*** Opening of DATA LISTING ***

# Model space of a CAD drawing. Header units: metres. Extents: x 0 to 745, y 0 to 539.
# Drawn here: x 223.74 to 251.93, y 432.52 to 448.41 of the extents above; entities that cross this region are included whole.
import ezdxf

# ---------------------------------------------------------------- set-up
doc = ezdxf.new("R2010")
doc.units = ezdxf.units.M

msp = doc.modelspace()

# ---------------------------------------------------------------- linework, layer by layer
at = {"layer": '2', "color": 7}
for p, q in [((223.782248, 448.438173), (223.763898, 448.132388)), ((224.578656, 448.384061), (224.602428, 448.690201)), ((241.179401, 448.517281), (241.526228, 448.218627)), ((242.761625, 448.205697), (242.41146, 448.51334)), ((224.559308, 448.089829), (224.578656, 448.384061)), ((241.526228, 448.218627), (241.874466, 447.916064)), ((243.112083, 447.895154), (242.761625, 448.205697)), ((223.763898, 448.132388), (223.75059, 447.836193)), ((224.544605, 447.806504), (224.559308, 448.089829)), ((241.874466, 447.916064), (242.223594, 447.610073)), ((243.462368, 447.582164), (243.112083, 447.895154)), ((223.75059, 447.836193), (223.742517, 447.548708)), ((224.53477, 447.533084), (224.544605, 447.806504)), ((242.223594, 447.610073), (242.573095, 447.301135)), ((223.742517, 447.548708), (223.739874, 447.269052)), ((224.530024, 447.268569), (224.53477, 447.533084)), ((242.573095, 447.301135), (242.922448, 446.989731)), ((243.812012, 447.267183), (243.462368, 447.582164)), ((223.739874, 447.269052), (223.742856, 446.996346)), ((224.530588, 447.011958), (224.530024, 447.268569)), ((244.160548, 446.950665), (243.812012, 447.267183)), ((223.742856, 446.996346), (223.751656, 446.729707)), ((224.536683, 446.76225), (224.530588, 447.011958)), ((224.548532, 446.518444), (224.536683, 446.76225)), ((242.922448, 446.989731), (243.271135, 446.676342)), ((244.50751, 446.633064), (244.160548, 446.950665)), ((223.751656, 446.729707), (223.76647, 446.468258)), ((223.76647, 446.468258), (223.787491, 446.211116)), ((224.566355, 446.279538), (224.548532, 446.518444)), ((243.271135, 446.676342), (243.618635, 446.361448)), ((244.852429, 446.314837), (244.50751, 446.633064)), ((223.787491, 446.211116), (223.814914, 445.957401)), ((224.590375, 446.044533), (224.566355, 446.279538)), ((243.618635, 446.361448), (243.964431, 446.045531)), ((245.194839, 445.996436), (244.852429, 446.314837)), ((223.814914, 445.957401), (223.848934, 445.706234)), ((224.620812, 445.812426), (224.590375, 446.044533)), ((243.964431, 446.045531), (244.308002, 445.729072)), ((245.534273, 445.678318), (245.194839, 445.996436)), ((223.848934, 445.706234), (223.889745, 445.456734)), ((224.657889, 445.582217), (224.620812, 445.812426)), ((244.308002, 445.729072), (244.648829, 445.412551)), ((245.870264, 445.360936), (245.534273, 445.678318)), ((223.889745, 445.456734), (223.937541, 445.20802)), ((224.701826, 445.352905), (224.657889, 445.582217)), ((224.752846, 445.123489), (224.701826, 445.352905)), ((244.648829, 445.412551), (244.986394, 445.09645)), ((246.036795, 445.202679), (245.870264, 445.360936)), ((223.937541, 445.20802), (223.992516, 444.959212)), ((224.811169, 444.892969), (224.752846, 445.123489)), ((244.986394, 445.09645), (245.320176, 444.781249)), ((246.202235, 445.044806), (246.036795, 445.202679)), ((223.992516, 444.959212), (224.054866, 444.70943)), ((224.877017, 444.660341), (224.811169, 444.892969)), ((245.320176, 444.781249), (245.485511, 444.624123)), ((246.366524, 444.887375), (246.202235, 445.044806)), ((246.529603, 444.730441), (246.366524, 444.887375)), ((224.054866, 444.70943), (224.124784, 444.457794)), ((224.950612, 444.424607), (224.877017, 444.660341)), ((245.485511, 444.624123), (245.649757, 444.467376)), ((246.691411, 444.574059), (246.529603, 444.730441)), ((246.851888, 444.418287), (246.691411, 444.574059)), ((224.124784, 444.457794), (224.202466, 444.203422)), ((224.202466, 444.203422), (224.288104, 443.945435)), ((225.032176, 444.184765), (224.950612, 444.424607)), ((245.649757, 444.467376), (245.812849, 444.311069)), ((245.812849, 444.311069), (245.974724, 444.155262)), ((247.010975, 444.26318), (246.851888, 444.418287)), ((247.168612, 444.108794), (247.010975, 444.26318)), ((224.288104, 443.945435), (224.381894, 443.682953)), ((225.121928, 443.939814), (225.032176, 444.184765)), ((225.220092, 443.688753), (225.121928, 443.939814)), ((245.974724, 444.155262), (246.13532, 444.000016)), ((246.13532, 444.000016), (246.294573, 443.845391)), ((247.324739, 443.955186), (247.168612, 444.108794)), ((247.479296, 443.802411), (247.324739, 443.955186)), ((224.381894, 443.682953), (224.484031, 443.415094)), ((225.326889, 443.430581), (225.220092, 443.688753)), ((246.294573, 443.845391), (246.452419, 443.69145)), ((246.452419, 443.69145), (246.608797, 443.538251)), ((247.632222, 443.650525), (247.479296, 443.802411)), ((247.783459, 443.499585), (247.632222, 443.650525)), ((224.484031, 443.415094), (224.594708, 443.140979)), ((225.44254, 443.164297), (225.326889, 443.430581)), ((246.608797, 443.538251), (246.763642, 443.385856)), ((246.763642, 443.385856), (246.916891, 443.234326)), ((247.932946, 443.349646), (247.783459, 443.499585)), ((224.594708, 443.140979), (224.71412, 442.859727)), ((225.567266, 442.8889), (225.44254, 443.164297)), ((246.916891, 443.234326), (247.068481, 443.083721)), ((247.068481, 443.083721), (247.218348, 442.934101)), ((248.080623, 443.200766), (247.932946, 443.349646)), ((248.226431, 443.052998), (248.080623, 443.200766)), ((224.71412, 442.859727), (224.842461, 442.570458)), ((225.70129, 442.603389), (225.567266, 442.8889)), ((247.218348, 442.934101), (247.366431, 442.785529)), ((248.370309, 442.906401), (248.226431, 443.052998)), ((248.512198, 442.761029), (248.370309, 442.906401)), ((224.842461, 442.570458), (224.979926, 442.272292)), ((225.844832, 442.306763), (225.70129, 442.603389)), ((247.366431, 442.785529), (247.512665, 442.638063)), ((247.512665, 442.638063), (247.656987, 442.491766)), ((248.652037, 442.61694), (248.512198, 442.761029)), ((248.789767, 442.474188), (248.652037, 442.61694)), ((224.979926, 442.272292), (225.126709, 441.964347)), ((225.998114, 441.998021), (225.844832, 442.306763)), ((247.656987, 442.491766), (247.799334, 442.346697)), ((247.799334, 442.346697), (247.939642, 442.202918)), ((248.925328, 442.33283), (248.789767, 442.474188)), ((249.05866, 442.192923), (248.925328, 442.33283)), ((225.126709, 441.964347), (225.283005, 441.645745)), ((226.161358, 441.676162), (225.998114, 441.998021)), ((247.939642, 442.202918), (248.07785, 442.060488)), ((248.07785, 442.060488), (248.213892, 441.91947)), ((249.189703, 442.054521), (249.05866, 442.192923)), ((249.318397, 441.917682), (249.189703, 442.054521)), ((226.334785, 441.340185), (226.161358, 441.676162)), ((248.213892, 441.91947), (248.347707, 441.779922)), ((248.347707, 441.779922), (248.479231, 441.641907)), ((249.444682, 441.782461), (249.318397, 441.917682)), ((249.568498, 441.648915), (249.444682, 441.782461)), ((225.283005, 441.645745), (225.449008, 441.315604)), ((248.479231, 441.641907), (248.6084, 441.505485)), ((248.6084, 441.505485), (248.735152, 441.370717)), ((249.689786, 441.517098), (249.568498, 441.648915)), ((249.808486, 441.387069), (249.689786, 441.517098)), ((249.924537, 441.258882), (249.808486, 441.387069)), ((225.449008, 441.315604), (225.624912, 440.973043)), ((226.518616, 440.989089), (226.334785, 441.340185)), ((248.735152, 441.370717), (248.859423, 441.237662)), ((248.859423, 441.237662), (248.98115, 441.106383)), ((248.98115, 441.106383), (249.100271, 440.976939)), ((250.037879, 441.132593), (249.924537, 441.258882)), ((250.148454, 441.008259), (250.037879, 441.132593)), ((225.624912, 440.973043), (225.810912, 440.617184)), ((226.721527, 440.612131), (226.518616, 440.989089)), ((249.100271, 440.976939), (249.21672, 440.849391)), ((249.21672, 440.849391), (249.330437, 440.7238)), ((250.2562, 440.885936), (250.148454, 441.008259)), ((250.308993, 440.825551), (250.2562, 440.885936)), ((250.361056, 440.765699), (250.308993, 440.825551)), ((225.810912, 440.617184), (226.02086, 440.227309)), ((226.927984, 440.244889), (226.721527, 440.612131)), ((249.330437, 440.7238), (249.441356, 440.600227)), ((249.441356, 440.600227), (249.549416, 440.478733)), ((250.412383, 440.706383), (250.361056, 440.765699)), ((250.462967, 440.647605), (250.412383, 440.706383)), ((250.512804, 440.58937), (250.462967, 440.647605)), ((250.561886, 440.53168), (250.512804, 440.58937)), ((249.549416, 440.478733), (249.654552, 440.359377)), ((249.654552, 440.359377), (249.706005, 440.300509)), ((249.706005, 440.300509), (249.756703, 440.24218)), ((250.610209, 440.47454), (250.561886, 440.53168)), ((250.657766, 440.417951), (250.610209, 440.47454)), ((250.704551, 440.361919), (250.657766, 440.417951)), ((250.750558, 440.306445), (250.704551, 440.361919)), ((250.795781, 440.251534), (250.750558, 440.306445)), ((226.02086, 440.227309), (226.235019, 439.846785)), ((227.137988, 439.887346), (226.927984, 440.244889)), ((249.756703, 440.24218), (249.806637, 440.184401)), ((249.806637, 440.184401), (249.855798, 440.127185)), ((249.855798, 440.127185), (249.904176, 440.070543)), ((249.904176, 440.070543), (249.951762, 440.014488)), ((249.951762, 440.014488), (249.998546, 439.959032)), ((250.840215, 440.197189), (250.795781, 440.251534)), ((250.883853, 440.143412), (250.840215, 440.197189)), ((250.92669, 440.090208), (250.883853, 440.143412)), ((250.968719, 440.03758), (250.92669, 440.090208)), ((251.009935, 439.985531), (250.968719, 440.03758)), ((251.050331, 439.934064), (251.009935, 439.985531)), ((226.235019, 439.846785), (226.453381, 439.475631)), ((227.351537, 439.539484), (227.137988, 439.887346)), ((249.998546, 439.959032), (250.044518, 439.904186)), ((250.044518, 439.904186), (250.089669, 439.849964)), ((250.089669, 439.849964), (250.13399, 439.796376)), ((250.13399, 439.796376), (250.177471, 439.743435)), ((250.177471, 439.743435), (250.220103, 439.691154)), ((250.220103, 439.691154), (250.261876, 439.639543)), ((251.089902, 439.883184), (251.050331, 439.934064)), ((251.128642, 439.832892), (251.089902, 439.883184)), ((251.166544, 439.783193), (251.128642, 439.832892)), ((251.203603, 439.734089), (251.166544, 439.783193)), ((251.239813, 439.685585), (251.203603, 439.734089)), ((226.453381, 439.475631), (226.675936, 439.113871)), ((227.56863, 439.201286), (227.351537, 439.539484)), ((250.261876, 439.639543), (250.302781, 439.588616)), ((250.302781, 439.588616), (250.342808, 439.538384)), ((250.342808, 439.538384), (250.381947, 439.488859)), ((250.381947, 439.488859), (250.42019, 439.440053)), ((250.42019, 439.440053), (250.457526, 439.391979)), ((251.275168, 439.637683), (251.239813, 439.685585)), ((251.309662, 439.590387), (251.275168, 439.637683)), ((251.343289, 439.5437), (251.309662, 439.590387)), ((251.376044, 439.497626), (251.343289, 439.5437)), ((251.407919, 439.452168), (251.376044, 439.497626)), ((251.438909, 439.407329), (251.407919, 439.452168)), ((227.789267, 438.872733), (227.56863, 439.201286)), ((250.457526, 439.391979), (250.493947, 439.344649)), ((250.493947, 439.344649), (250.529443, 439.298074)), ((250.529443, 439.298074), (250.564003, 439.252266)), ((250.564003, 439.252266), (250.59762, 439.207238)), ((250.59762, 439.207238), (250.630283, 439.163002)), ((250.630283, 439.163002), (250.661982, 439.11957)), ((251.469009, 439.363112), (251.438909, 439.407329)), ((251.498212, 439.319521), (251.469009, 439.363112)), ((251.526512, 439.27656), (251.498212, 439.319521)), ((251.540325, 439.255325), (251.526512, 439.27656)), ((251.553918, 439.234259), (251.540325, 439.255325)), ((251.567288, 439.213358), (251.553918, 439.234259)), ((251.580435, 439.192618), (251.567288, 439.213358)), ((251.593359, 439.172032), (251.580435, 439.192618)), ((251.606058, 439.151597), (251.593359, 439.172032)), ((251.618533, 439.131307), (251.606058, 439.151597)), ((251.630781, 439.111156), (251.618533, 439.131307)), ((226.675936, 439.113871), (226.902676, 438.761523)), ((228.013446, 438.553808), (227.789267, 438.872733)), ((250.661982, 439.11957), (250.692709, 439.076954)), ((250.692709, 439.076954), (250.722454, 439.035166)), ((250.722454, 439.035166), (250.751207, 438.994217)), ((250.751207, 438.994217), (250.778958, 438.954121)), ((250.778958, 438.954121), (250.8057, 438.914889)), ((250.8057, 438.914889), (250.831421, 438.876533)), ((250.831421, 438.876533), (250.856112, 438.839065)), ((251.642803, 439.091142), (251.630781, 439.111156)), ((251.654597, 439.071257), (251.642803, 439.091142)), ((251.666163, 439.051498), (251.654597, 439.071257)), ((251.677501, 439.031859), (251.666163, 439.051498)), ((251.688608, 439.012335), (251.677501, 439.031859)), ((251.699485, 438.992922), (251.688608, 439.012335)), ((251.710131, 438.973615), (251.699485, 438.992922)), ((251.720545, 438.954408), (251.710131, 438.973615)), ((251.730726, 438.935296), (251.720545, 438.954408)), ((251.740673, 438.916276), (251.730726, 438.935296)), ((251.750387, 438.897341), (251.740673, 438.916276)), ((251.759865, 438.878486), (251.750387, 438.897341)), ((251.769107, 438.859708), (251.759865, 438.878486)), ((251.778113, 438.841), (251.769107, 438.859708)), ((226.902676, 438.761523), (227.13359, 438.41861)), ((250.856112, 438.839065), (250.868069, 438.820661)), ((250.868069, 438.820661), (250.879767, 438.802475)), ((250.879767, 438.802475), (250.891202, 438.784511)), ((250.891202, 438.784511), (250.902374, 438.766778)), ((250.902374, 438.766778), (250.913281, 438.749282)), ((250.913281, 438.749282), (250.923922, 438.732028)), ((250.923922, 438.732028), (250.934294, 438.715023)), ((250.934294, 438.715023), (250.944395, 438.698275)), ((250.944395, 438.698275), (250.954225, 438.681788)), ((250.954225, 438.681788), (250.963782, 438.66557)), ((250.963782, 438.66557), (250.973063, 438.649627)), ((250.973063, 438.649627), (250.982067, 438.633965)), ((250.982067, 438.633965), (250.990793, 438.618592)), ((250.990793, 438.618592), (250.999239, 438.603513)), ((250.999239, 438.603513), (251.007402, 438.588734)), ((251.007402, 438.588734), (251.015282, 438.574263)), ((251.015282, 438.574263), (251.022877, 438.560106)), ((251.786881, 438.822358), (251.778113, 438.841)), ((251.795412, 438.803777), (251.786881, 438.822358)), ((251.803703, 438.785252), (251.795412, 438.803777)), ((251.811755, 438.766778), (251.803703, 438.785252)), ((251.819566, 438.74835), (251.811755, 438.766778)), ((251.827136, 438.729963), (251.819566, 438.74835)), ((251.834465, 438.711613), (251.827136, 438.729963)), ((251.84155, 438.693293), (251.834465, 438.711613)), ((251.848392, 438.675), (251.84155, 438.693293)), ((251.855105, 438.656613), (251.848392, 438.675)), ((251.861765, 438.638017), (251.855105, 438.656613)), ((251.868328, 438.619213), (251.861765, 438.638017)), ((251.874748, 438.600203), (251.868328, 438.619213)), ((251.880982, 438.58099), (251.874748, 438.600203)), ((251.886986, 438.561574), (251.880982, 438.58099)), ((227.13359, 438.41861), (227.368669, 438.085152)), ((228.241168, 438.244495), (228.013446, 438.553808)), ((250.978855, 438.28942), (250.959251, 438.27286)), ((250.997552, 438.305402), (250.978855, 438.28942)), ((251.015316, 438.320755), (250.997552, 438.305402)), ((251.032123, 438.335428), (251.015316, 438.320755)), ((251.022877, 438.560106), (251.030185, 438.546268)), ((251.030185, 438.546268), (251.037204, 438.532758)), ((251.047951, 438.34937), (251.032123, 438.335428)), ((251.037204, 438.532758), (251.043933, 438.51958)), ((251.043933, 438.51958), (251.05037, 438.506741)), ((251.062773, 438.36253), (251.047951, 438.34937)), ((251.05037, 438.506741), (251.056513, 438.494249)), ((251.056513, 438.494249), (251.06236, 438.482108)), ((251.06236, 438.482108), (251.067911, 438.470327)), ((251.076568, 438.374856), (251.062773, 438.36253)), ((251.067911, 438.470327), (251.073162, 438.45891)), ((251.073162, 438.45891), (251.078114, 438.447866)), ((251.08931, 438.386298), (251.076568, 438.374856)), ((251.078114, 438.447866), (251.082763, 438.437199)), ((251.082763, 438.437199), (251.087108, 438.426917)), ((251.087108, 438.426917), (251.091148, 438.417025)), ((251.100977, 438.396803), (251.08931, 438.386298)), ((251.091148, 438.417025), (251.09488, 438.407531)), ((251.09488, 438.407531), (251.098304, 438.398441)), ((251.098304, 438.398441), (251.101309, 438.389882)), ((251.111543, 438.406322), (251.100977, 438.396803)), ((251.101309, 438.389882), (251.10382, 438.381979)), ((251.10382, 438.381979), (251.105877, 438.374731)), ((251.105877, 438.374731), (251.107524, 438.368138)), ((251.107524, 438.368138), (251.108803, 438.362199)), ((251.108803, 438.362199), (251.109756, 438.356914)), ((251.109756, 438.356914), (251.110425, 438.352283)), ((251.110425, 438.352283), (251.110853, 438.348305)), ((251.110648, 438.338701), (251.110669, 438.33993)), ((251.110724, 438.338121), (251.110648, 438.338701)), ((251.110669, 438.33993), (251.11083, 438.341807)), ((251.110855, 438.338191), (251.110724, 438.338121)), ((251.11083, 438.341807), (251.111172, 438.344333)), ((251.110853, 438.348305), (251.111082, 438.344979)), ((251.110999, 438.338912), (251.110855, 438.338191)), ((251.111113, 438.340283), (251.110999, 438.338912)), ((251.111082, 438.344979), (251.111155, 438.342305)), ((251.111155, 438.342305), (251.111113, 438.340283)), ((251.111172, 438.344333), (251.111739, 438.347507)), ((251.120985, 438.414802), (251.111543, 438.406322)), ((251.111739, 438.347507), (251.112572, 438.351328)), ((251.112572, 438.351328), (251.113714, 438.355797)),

*** Close of DATA LISTING ***

Each line carrying the string "units" should be copied out from the entries.

# Model space of a CAD drawing. Header units: metres. Extents: x 0 to 745, y 0 to 539.
doc.units = ezdxf.units.M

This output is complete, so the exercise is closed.